WHAT TO PRODUCE — Make an exact copy of the entries, and keep any pictures out of it.

INPUT RECORDS —
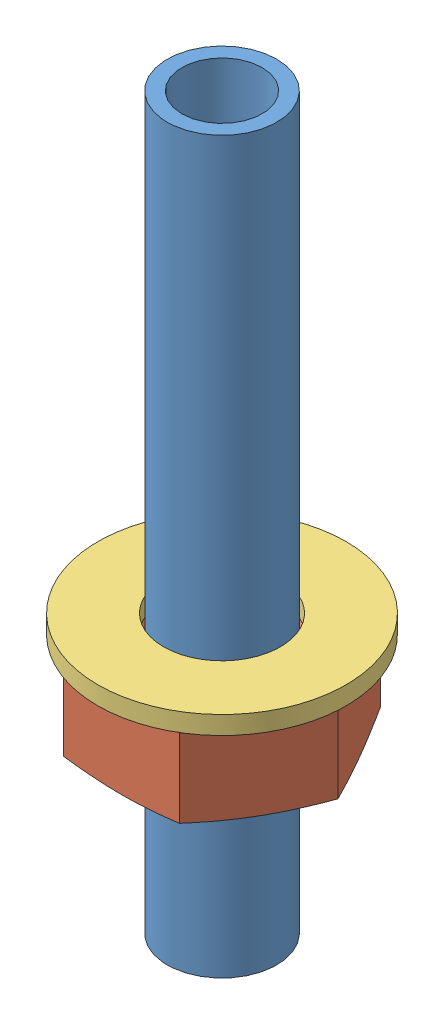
SolidWorks assembly BellcrankTube.SLDASM, configuration Default (file format 3100). Lengths in mm.
Overall size (6.8 20 6.8).
3 component instances, 3 part files, 4 mates.
Components (placement in the parent):
- BrassTube1-1: BrassTube1.SLDPRT [Default] at origin size (3 20 3)
- Nut-1: Nut.SLDPRT [Default] at (0 4.6 0) size (6.35 2.5 5.5)
- M3-washer-1: M3-washer.SLDPRT [Default] at (0 7.1 0) size (6.8 0.5 6.8)
Mates (geometry in assembly coordinates):
- Concentric1: concentric aligned: cylinder of BrassTube1-1; cylinder of Nut-1
- Concentric2: concentric aligned: cylinder of BrassTube1-1; cylinder of M3-washer-1
- Coincident1: coincident anti-aligned: plane of Nut-1 through (-4.7631 7.1 -2.75) normal (0 1 0); plane of M3-washer-1 through (0 7.1 0) normal (0 -1 0)
- Distance1: distance = 12.4 mm aligned: plane of BrassTube1-1 through (0 20 0) normal (0 1 0); plane of M3-washer-1 through (0 7.6 0) normal (0 1 0)
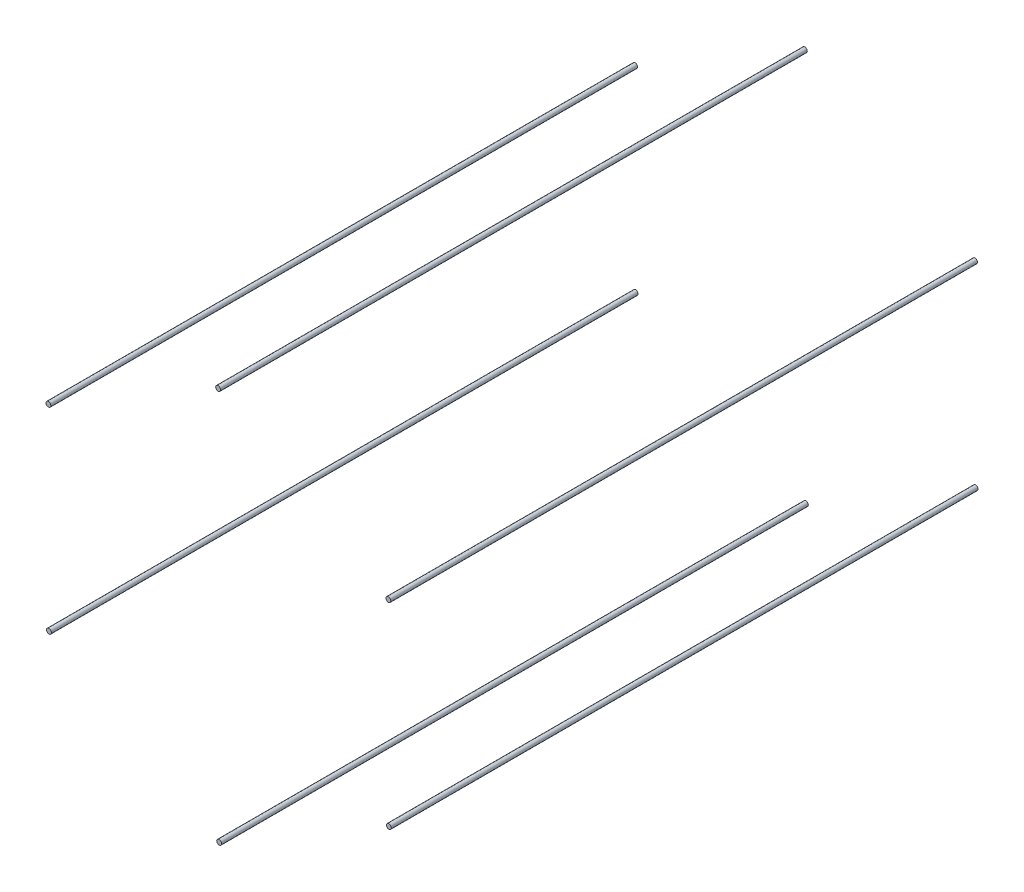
from build123d import *

# Parameters (mm, degrees)
SKETCH4_R             = 6.35
BOSS_EXTRUDE2_DEPTH   = 768.35
BOSS_EXTRUDE2_2_DEPTH = 768.35
BOSS_EXTRUDE2_3_DEPTH = 768.35
BOSS_EXTRUDE2_4_DEPTH = 768.35
BOSS_EXTRUDE2_5_DEPTH = 768.35
BOSS_EXTRUDE2_6_DEPTH = 768.35


with BuildPart() as part:
    # Sketch4 → Boss-Extrude2 (new, symmetric)
    with BuildSketch(Plane(origin=(0, 0, 0), x_dir=(0, 1, 0), z_dir=(0, 0, 1))):
        with Locations(Location((513.26438931, 0, 0), (0, 0, 270))):
            Circle(SKETCH4_R)
    extrude(amount=BOSS_EXTRUDE2_DEPTH, both=True)


with BuildPart() as body_2:
    # Sketch4 → Boss-Extrude2 2 (new, symmetric)
    with BuildSketch(Plane(origin=(0, 0, 0), x_dir=(0, 1, 0), z_dir=(0, 0, 1))):
        with Locations(Location((257.411617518, -445.85, 0), (0, 0, 270))):
            Circle(SKETCH4_R)
    extrude(amount=BOSS_EXTRUDE2_2_DEPTH, both=True)


with BuildPart() as body_3:
    # Sketch4 → Boss-Extrude2 3 (new, symmetric)
    with BuildSketch(Plane(origin=(0, 0, 0), x_dir=(0, 1, 0), z_dir=(0, 0, 1))):
        with Locations(Location((-256.632194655, -447.2, 0), (0, 0, 270))):
            Circle(SKETCH4_R)
    extrude(amount=BOSS_EXTRUDE2_3_DEPTH, both=True)


with BuildPart() as body_4:
    # Sketch4 → Boss-Extrude2 4 (new, symmetric)
    with BuildSketch(Plane(origin=(0, 0, 0), x_dir=(0, 1, 0), z_dir=(0, 0, 1))):
        with Locations(Location((-514.823235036, -2.7, 0), (0, 0, 270))):
            Circle(SKETCH4_R)
    extrude(amount=BOSS_EXTRUDE2_4_DEPTH, both=True)


with BuildPart() as body_5:
    # Sketch4 → Boss-Extrude2 5 (new, symmetric)
    with BuildSketch(Plane(origin=(0, 0, 0), x_dir=(0, 1, 0), z_dir=(0, 0, 1))):
        with Locations(Location((-258.970463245, 443.15, 0), (0, 0, 270))):
            Circle(SKETCH4_R)
    extrude(amount=BOSS_EXTRUDE2_5_DEPTH, both=True)


with BuildPart() as body_6:
    # Sketch4 → Boss-Extrude2 6 (new, symmetric)
    with BuildSketch(Plane(origin=(0, 0, 0), x_dir=(0, 1, 0), z_dir=(0, 0, 1))):
        with Locations(Location((255.073348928, 444.5, 0), (0, 0, 270))):
            Circle(SKETCH4_R)
    extrude(amount=BOSS_EXTRUDE2_6_DEPTH, both=True)


solid = Compound([part.part, body_2.part, body_3.part, body_4.part, body_5.part, body_6.part])

SOLVED PROBLEM —
SolidWorks assembly BellcrankTube.SLDASM, configuration Default (file format 3100). Lengths in mm.
Overall size (6.8 20 6.8).
3 component instances, 3 part files, 4 mates.
Components (placement in the parent):
- BrassTube1-1: BrassTube1.SLDPRT [Default] at origin size (3 20 3)
- Nut-1: Nut.SLDPRT [Default] at (0 4.6 0) size (6.35 2.5 5.5)
- M3-washer-1: M3-washer.SLDPRT [Default] at (0 7.1 0) size (6.8 0.5 6.8)
Mates (geometry in assembly coordinates):
- Concentric1: concentric aligned: cylinder of BrassTube1-1; cylinder of Nut-1
- Concentric2: concentric aligned: cylinder of BrassTube1-1; cylinder of M3-washer-1
- Coincident1: coincident anti-aligned: plane of Nut-1 through (-4.7631 7.1 -2.75) normal (0 1 0); plane of M3-washer-1 through (0 7.1 0) normal (0 -1 0)
- Distance1: distance = 12.4 mm aligned: plane of BrassTube1-1 through (0 20 0) normal (0 1 0); plane of M3-washer-1 through (0 7.6 0) normal (0 1 0)
from build123d import *

# Parameters (mm, degrees)
SKETCH4_R             = 6.35
BOSS_EXTRUDE2_DEPTH   = 768.35
BOSS_EXTRUDE2_2_DEPTH = 768.35
BOSS_EXTRUDE2_3_DEPTH = 768.35
BOSS_EXTRUDE2_4_DEPTH = 768.35
BOSS_EXTRUDE2_5_DEPTH = 768.35
BOSS_EXTRUDE2_6_DEPTH = 768.35


with BuildPart() as part:
    # Sketch4 → Boss-Extrude2 (new, symmetric)
    with BuildSketch(Plane(origin=(0, 0, 0), x_dir=(0, 1, 0), z_dir=(0, 0, 1))):
        with Locations(Location((513.26438931, 0, 0), (0, 0, 270))):
            Circle(SKETCH4_R)
    extrude(amount=BOSS_EXTRUDE2_DEPTH, both=True)


with BuildPart() as body_2:
    # Sketch4 → Boss-Extrude2 2 (new, symmetric)
    with BuildSketch(Plane(origin=(0, 0, 0), x_dir=(0, 1, 0), z_dir=(0, 0, 1))):
        with Locations(Location((257.411617518, -445.85, 0), (0, 0, 270))):
            Circle(SKETCH4_R)
    extrude(amount=BOSS_EXTRUDE2_2_DEPTH, both=True)


with BuildPart() as body_3:
    # Sketch4 → Boss-Extrude2 3 (new, symmetric)
    with BuildSketch(Plane(origin=(0, 0, 0), x_dir=(0, 1, 0), z_dir=(0, 0, 1))):
        with Locations(Location((-256.632194655, -447.2, 0), (0, 0, 270))):
            Circle(SKETCH4_R)
    extrude(amount=BOSS_EXTRUDE2_3_DEPTH, both=True)


with BuildPart() as body_4:
    # Sketch4 → Boss-Extrude2 4 (new, symmetric)
    with BuildSketch(Plane(origin=(0, 0, 0), x_dir=(0, 1, 0), z_dir=(0, 0, 1))):
        with Locations(Location((-514.823235036, -2.7, 0), (0, 0, 270))):
            Circle(SKETCH4_R)
    extrude(amount=BOSS_EXTRUDE2_4_DEPTH, both=True)


with BuildPart() as body_5:
    # Sketch4 → Boss-Extrude2 5 (new, symmetric)
    with BuildSketch(Plane(origin=(0, 0, 0), x_dir=(0, 1, 0), z_dir=(0, 0, 1))):
        with Locations(Location((-258.970463245, 443.15, 0), (0, 0, 270))):
            Circle(SKETCH4_R)
    extrude(amount=BOSS_EXTRUDE2_5_DEPTH, both=True)


with BuildPart() as body_6:
    # Sketch4 → Boss-Extrude2 6 (new, symmetric)
    with BuildSketch(Plane(origin=(0, 0, 0), x_dir=(0, 1, 0), z_dir=(0, 0, 1))):
        with Locations(Location((255.073348928, 444.5, 0), (0, 0, 270))):
            Circle(SKETCH4_R)
    extrude(amount=BOSS_EXTRUDE2_6_DEPTH, both=True)


solid = Compound([part.part, body_2.part, body_3.part, body_4.part, body_5.part, body_6.part])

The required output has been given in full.